EXERCISE DETAILS:
How many lines in the records below hold the string "perpendicular"? Answer with the number alone.

DATA FOR THIS EXERCISE:
──────────
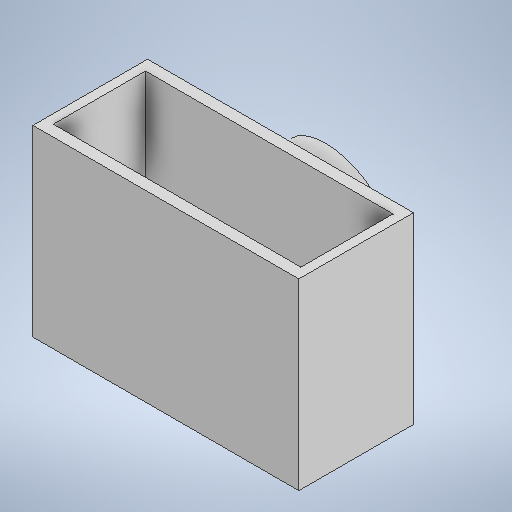
# Autodesk Inventor part: Attache servomoteur
Saved by Autodesk Inventor 2026.2 (Build 302298010, 298A)
## iProperties
Created: 2026-03-22
Part Number: Attache servomoteur
Material: Générique
Document SubType Name: Modeling
Designer: Genon
Density: 1 g/cm^3
Appearance: Par défaut
Author: Genon
Autodesk Inventor part; units mm, degrees
ref_plane "YZ Plane" through (0, 0, 0) normal (1, 0, 0) x (0, 1, 0)
ref_plane "XZ Plane" through (0, 0, 0) normal (0, 1, 0) x (-1, 0, 0)
ref_plane "XY Plane" through (0, 0, 0) normal (0, 0, 1) x (1, 0, 0)
sketch "Esquisse1" plane through (0, 0, 0) normal (0, 1, 0) x (-1, 0, 0)
  line L0 (0, 0) -> (29, 0)
  line L1 (29, 0) -> (29, 25)
  line L2 (29, 25) -> (-29, 25)
  line L3 (-29, 25) -> (-29, 0)
  line L4 (-29, 0) -> (0, 0)
  line L5 (0, 0) -> (0, 2.45)
  line L6 (0, 2.45) -> (27, 2.45)
  line L7 (27, 2.45) -> (27, 22.55)
  line L8 (27, 22.55) -> (-27, 22.55)
  line L9 (-27, 22.55) -> (-27, 2.45)
  line L10 (-27, 2.45) -> (0, 2.45)
  dimension "d0" = 29
  dimension "d1" = 25
  dimension "d2" = 58
  dimension "d3" = 29
  dimension "d4" = 2.45
  dimension "d5" = 27
  dimension "d7" = 20.1
  dimension "d8" = 54
  constraints: 22 end point, 7 perpendicular, 2 vertical, 1 horizontal, 1 parallel, 1 point on line
  measures "d0" distance of L0.start L0.end
  measures "d1" distance of L0.end L1.end
  measures "d2" distance of L1.end L2.end
  measures "d3" distance of L3.end L0.start
  measures "d4" distance of L0.start L5.end
  measures "d5" distance of L5.end L6.end
  measures "d7" distance of L6.end L7.end
  measures "d8" distance of L7.end L8.end
extrude "Extrusion1" add sketch "Esquisse1" along normal blind 40
ref_plane "Plan de construction1" through (0, 0, 0) normal (0, 0.2046669, -0.9788317) x (1, 0, 0)
sketch "Esquisse2" plane through (0, 0, 0) normal (0, 0.2046669, -0.9788317) x (1, 0, 0)
  line L0 (0, 0) -> (0, -20)
  circle A0 centre (0, -20) radius 10
  circle A1 centre (0, -20) radius 11
  dimension "d12" = 20
  dimension "d13" = 20
  dimension "d14" = 22
  constraints: 2 centre point, 2 coincident, 2 end point, 1 vertical
  measures "d12" distance of L0.start L0.end
  measures "d13" diameter of A0
  measures "d14" diameter of A1
extrude "Extrusion2" add sketch "Esquisse2" along normal blind 16.5
sketch "Esquisse3" plane through (0, 40, 0) normal (0, 1, 0) x (1, 0, 0)
  line L0 (-27, -22.55) -> (-27, -2.45) projected
  line L1 (27, -22.55) -> (-27, -22.55) projected
  line L2 (-27, -2.45) -> (27, -2.45) projected
  line L3 (27, -2.45) -> (27, -22.55) projected
  point P0 (0, 0)
extrude "Extrusion3" cut sketch "Esquisse3" against normal through all
ref_plane "Plan de construction2" through (0, 1.3303, -6.3624) normal (0, 0.2046669, -0.9788317) x (1, 0, 0)
sketch "Esquisse4" plane through (0, 1.3303, -6.3624) normal (0, 0.2046669, -0.9788317) x (1, 0, 0)
  circle A0 centre (0, -20) radius 10 projected
  point P0 (0, 0)
extrude "Extrusion4" add sketch "Esquisse4" against normal blind 2
ref_plane "Plan de construction3" through (29, 0, 0) normal (0, -0.9788317, -0.2046669) x (-1, 0, 0)
sketch "Esquisse5" plane through (29, 0, 0) normal (0, -0.9788317, -0.2046669) x (-1, 0, 0)
  line L0 (40, 16.5) -> (18, 16.5) projected
  line L1 (29, 16.5) -> (29, 11.5)
  point P0 (29, 0)
  dimension "d23" = 5
  constraints: 2 end point, 1 coincident, 1 midpoint, 1 vertical
  measures "d23" distance of L1.start L1.end
hole "Perçage1" at (0, 2.3537, -11.2566) direction (0, 0.9788317, 0.2046669) diameter 4 end through all
sketch "Esquisse6" plane through (0, 0, 0) normal (0, -1, 0) x (1, 0, 0)
  line L0 (27, 2.45) -> (27, 22.55) projected
  line L1 (-27, 22.55) -> (-27, 2.45) projected
  line L2 (27, 22.55) -> (21, 22.55)
  line L3 (27, 22.55) -> (-27, 22.55) projected
  line L4 (21, 22.55) -> (21, 2.45)
  line L5 (21, 2.45) -> (27, 2.45)
  line L6 (-27, 22.55) -> (-21, 22.55)
  line L7 (-21, 22.55) -> (-21, 2.45)
  line L8 (-21, 2.45) -> (-27, 2.45)
  point P0 (0, 0)
  dimension "d31" = 6
  dimension "d32" = 6
  constraints: 12 end point, 4 perpendicular, 3 point on line
  measures "d31" distance of L0.end L2.end
  measures "d32" distance of L1.start L6.end
extrude "Extrusion5" add sketch "Esquisse6" against normal blind 16.4
sketch "Esquisse7" plane through (0, 16.4, 0) normal (0, 1, 0) x (1, 0, 0)
  line L0 (-27, -22.55) -> (-27, -2.45) projected
  line L1 (-27, -12.5) -> (-24.775, -12.5)
  line L2 (-24.775, -12.5) -> (-24.775, -17.5)
  line L3 (-24.775, -12.5) -> (-24.775, -7.5)
  line L4 (27, -2.45) -> (27, -22.55) projected
  line L5 (27, -22.55) -> (27, -12.5)
  line L6 (27, -12.5) -> (24.775, -12.5)
  line L7 (24.775, -12.5) -> (24.775, -7.5)
  line L8 (21, -22.55) -> (21, -2.45) projected
  line L9 (24.775, -12.5) -> (24.775, -17.5)
  point P0 (0, 0)
  dimension "d35" = 2.225
  dimension "d36" = 5
  dimension "d37" = 5
  dimension "d38" = 2.225
  dimension "d39" = 5
  dimension "d41" = 5
  constraints: 14 end point, 4 coincident, 3 perpendicular, 2 midpoint, 2 vertical, 1 horizontal
  measures "d35" distance of L1.start L1.end
  measures "d36" distance of L1.end L2.end
  measures "d37" distance of L1.end L3.end
  measures "d38" distance of L5.end L6.end
  measures "d39" distance of L6.end L7.end
  measures "d41" distance of L6.end L9.end
hole "Perçage2" at (-24.775, 16.4, 17.5) at (-24.775, 16.4, 7.5) at (24.775, 16.4, 17.5) at (24.775, 16.4, 7.5) direction (0, -1, 0) diameter 3.242 depth 11.8 tip angle 118 thread size "M4x0.7" class "6H" standard "ISO Metric profile"
sketch "Esquisse8" plane through (0, 16.4, 0) normal (0, 1, 0) x (1, 0, 0)
  line L0 (-21, -22.55) -> (-21, -2.45) projected
  line L1 (-27, -22.55) -> (-27, -2.45) projected
  line L2 (-27, -12.5) -> (-27, -11.5)
  line L3 (-27, -11.5) -> (-21, -11.5)
  line L4 (-27, -12.5) -> (-27, -13.5)
  line L5 (-27, -13.5) -> (-21, -13.5)
  line L6 (-21, -11.5) -> (-21, -13.5)
  line L7 (21, -2.45) -> (21, -22.55) projected
  line L8 (27, -2.45) -> (27, -22.55) projected
  line L9 (27, -22.55) -> (27, -12.5)
  line L10 (27, -12.5) -> (27, -11.5)
  line L11 (21, -11.5) -> (27, -11.5)
  line L12 (21, -11.5) -> (21, -13.5)
  line L13 (21, -13.5) -> (27, -13.5)
  point P0 (0, 0)
  dimension "d49" = 1
  dimension "d50" = 1
  dimension "d54" = 10.05
  dimension "d55" = 6
  dimension "d56" = 2
  dimension "d57" = 1
  constraints: 20 end point, 8 point on line, 5 perpendicular, 3 midpoint
  measures "d49" distance of L2.start L2.end
  measures "d50" distance of L2.start L4.end
  measures "d54" distance of L8.end L9.end
  measures "d55" distance of L11.start L10.end
  measures "d56" distance of L11.start L12.end
  measures "d57" distance of L13.end point (27, -12.5)
extrude "Extrusion6" cut sketch "Esquisse8" against normal blind 2
──────────
ANSWER SPACE:
4